Used CPU-Z and its already updated to F7 dated 08/03/2011


----------



## vikz (Apr 11, 2012)

Then you are out of luck  You'll either have to get a PCIE 2.0 motherboard for the new PCIE 2.1 graphics card that you're planning to buy or just buy a PCIE 2.0 card


----------



## Skillz (Apr 11, 2012)

hmm.. well that kinda sx... what guarantee is there that a PCIE 2.0 card will run properly...


----------



## vikz (Apr 11, 2012)

PCIE 2.0 is backward compatible with PCIE 1.1 and 1.0, so it should work without a problem, but will run in PCIE 1.1 mode. I ran a HD5770 which is PCIE 2.0 on a PCIE 1.1 board and I had no problems.
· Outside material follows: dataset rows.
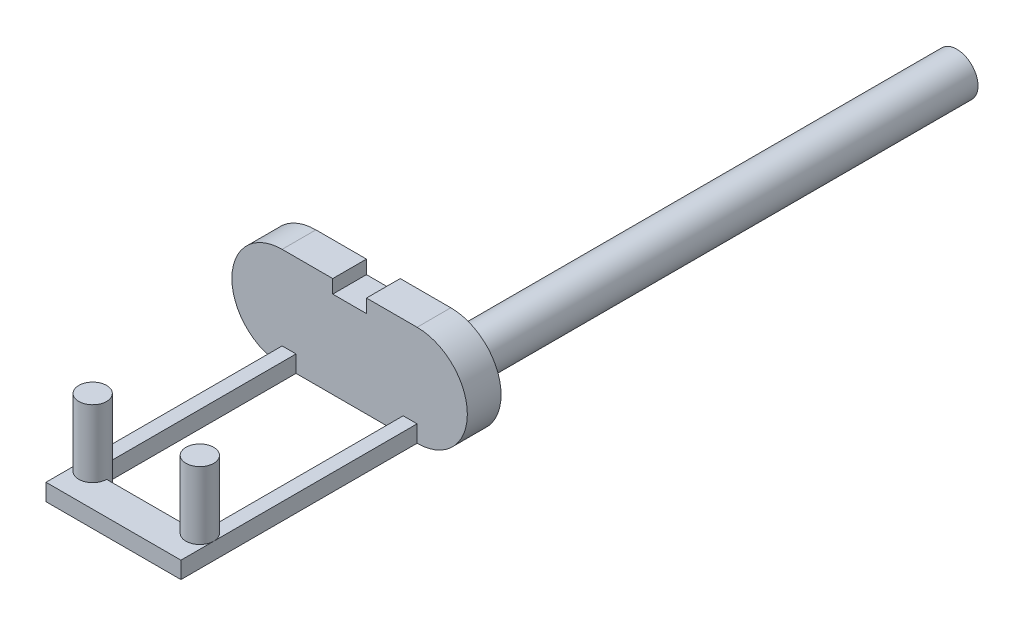
ISO-10303-21;
HEADER;
FILE_DESCRIPTION(('STEP AP214'),'2;1');
FILE_NAME('part.step','',(''),(''),'','','');
FILE_SCHEMA(('AUTOMOTIVE_DESIGN { 1 0 10303 214 1 1 1 1 }'));
ENDSEC;
DATA;
#1=APPLICATION_CONTEXT('core data for automotive mechanical design processes');
#2=APPLICATION_PROTOCOL_DEFINITION('international standard','automotive_design',2000,#1);
#3=PRODUCT_CONTEXT('',#1,'mechanical');
#4=PRODUCT('Part','Part','',(#3));
#5=PRODUCT_RELATED_PRODUCT_CATEGORY('part','',(#4));
#6=PRODUCT_DEFINITION_FORMATION('','',#4);
#7=PRODUCT_DEFINITION_CONTEXT('part definition',#1,'design');
#8=PRODUCT_DEFINITION('design','',#6,#7);
#9=PRODUCT_DEFINITION_SHAPE('','',#8);
#10=(LENGTH_UNIT() NAMED_UNIT(*) SI_UNIT(.MILLI.,.METRE.));
#11=(NAMED_UNIT(*) PLANE_ANGLE_UNIT() SI_UNIT($,.RADIAN.));
#12=(NAMED_UNIT(*) SI_UNIT($,.STERADIAN.) SOLID_ANGLE_UNIT());
#13=UNCERTAINTY_MEASURE_WITH_UNIT(LENGTH_MEASURE(1.E-05),#10,'distance_accuracy_value','');
#14=(GEOMETRIC_REPRESENTATION_CONTEXT(3) GLOBAL_UNCERTAINTY_ASSIGNED_CONTEXT((#13)) GLOBAL_UNIT_ASSIGNED_CONTEXT((#10,
#11,#12)) REPRESENTATION_CONTEXT('',''));
#15=CARTESIAN_POINT('',(0.,0.,0.));
#16=DIRECTION('',(0.,0.,1.));
#17=DIRECTION('',(1.,0.,0.));
#18=AXIS2_PLACEMENT_3D('',#15,#16,#17);
#19=CARTESIAN_POINT('',(-61.2640274636036,57.8352530805438,43.));
#20=DIRECTION('',(0.,-1.,0.));
#21=DIRECTION('',(0.,0.,-1.));
#22=AXIS2_PLACEMENT_3D('',#19,#20,#21);
#23=PLANE('',#22);
#24=DIRECTION('',(-1.,0.,0.));
#25=VECTOR('',#24,1.);
#26=CARTESIAN_POINT('',(-61.2640274636036,57.8352530805438,43.));
#27=LINE('',#26,#25);
#28=CARTESIAN_POINT('',(-73.7640274636036,57.8352530805438,43.));
#29=VERTEX_POINT('',#28);
#30=CARTESIAN_POINT('',(-81.2640274636036,57.8352530805438,43.));
#31=VERTEX_POINT('',#30);
#32=EDGE_CURVE('E154',#29,#31,#27,.T.);
#33=ORIENTED_EDGE('',*,*,#32,.F.);
#34=DIRECTION('',(0.,0.,1.));
#35=VECTOR('',#34,1.);
#36=CARTESIAN_POINT('',(-73.7640274636036,57.8352530805438,30.3857382714521));
#37=LINE('',#36,#35);
#38=CARTESIAN_POINT('',(-73.7640274636036,57.8352530805438,38.));
#39=VERTEX_POINT('',#38);
#40=EDGE_CURVE('E142',#39,#29,#37,.T.);
#41=ORIENTED_EDGE('',*,*,#40,.F.);
#42=DIRECTION('',(-1.,0.,0.));
#43=VECTOR('',#42,1.);
#44=CARTESIAN_POINT('',(-61.2640274636036,57.8352530805438,38.));
#45=LINE('',#44,#43);
#46=CARTESIAN_POINT('',(-81.2640274636036,57.8352530805438,38.));
#47=VERTEX_POINT('',#46);
#48=EDGE_CURVE('E152',#39,#47,#45,.T.);
#49=ORIENTED_EDGE('',*,*,#48,.T.);
#50=DIRECTION('',(0.,0.,-1.));
#51=VECTOR('',#50,1.);
#52=CARTESIAN_POINT('',(-81.2640274636036,57.8352530805438,43.));
#53=LINE('',#52,#51);
#54=EDGE_CURVE('E182',#31,#47,#53,.T.);
#55=ORIENTED_EDGE('',*,*,#54,.F.);
#56=EDGE_LOOP('',(#33,#41,#49,#55));
#57=FACE_BOUND('',#56,.T.);
#58=ADVANCED_FACE('F16',(#57),#23,.F.);
#59=CARTESIAN_POINT('',(0.,45.4390579258131,78.));
#60=DIRECTION('',(0.,1.,0.));
#61=DIRECTION('',(0.,0.,1.));
#62=AXIS2_PLACEMENT_3D('',#59,#60,#61);
#63=PLANE('',#62);
#64=CARTESIAN_POINT('',(-79.2048370431136,45.4390579258131,73.1394620866765));
#65=DIRECTION('',(0.,1.,0.));
#66=DIRECTION('',(0.,0.,1.));
#67=AXIS2_PLACEMENT_3D('',#64,#65,#66);
#68=CIRCLE('',#67,2.0591905457382);
#69=CARTESIAN_POINT('',(-79.2048370431136,45.4390579258131,71.0802715409383));
#70=VERTEX_POINT('',#69);
#71=CARTESIAN_POINT('',(-81.2640275888518,45.4390579258131,73.1394620866765));
#72=VERTEX_POINT('',#71);
#73=EDGE_CURVE('E314',#70,#72,#68,.T.);
#74=ORIENTED_EDGE('',*,*,#73,.F.);
#75=DIRECTION('',(0.,0.,-1.));
#76=VECTOR('',#75,1.);
#77=CARTESIAN_POINT('',(-79.2048370431136,45.4390579258131,78.));
#78=LINE('',#77,#76);
#79=CARTESIAN_POINT('',(-79.2048370431136,45.4390579258131,43.));
#80=VERTEX_POINT('',#79);
#81=EDGE_CURVE('E247',#70,#80,#78,.T.);
#82=ORIENTED_EDGE('',*,*,#81,.T.);
#83=DIRECTION('',(1.,0.,0.));
#84=VECTOR('',#83,1.);
#85=CARTESIAN_POINT('',(0.,45.4390579258131,43.));
#86=LINE('',#85,#84);
#87=CARTESIAN_POINT('',(-81.2640275888518,45.4390579258131,43.));
#88=VERTEX_POINT('',#87);
#89=EDGE_CURVE('E237',#88,#80,#86,.T.);
#90=ORIENTED_EDGE('',*,*,#89,.F.);
#91=DIRECTION('',(0.,0.,-1.));
#92=VECTOR('',#91,1.);
#93=CARTESIAN_POINT('',(-81.2640275888518,45.4390579258131,78.));
#94=LINE('',#93,#92);
#95=EDGE_CURVE('E232',#72,#88,#94,.T.);
#96=ORIENTED_EDGE('',*,*,#95,.F.);
#97=EDGE_LOOP('',(#74,#82,#90,#96));
#98=FACE_BOUND('',#97,.T.);
#99=ADVANCED_FACE('F318',(#98),#63,.T.);
#100=CARTESIAN_POINT('',(-63.3232178840935,45.4390579258131,73.1394620866765));
#101=DIRECTION('',(0.,1.,0.));
#102=DIRECTION('',(0.,0.,1.));
#103=AXIS2_PLACEMENT_3D('',#100,#101,#102);
#104=CIRCLE('',#103,2.05919054573816);
#105=CARTESIAN_POINT('',(-61.2640273383553,45.4390579258131,73.1394620866765));
#106=VERTEX_POINT('',#105);
#107=CARTESIAN_POINT('',(-63.3232178840935,45.4390579258131,71.0802715409384));
#108=VERTEX_POINT('',#107);
#109=EDGE_CURVE('E294',#106,#108,#104,.T.);
#110=ORIENTED_EDGE('',*,*,#109,.F.);
#111=DIRECTION('',(0.,0.,-1.));
#112=VECTOR('',#111,1.);
#113=CARTESIAN_POINT('',(-61.2640273383553,45.4390579258131,78.));
#114=LINE('',#113,#112);
#115=CARTESIAN_POINT('',(-61.2640273383553,45.4390579258131,43.));
#116=VERTEX_POINT('',#115);
#117=EDGE_CURVE('E269',#106,#116,#114,.T.);
#118=ORIENTED_EDGE('',*,*,#117,.T.);
#119=DIRECTION('',(1.,0.,0.));
#120=VECTOR('',#119,1.);
#121=CARTESIAN_POINT('',(0.,45.4390579258131,43.));
#122=LINE('',#121,#120);
#123=CARTESIAN_POINT('',(-63.3232178840935,45.4390579258131,43.));
#124=VERTEX_POINT('',#123);
#125=EDGE_CURVE('E255',#124,#116,#122,.T.);
#126=ORIENTED_EDGE('',*,*,#125,.F.);
#127=DIRECTION('',(0.,0.,-1.));
#128=VECTOR('',#127,1.);
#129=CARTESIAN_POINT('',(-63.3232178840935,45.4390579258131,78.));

Any chance you can return the board and get a PCIE 2.0 board? If you're buying the new graphics card from the same vendor, maybe you can return the board, pay the difference and get a new graphics card. If this works out, pick up this board - Biostar TP43E Combo Motherboard - TP43E Combo by: Biostar -

One of the very few P43 chipsets still available in India. Supports 8 GB DDR2 and 4 GB DDR3 (not at the same time) and has a PCIE 2.0 slot. Price is pretty good too. 

Other option is to buy a second hand G43, G45, P43, P45 chipset board if you can find one.


----------



## Skillz (Apr 11, 2012)

I dont know if he will ever take the mobo back but I can sell this motherboard in some tech forum that wont be such issue. before buying i did asked about two P43 boards Asus P5P43TD and P5P43T  which he said will be priced 5500 or 6000 approxx dont remember correctly but wasnt available at that time, so i had to take it this motherboard for which i am cursing myself now...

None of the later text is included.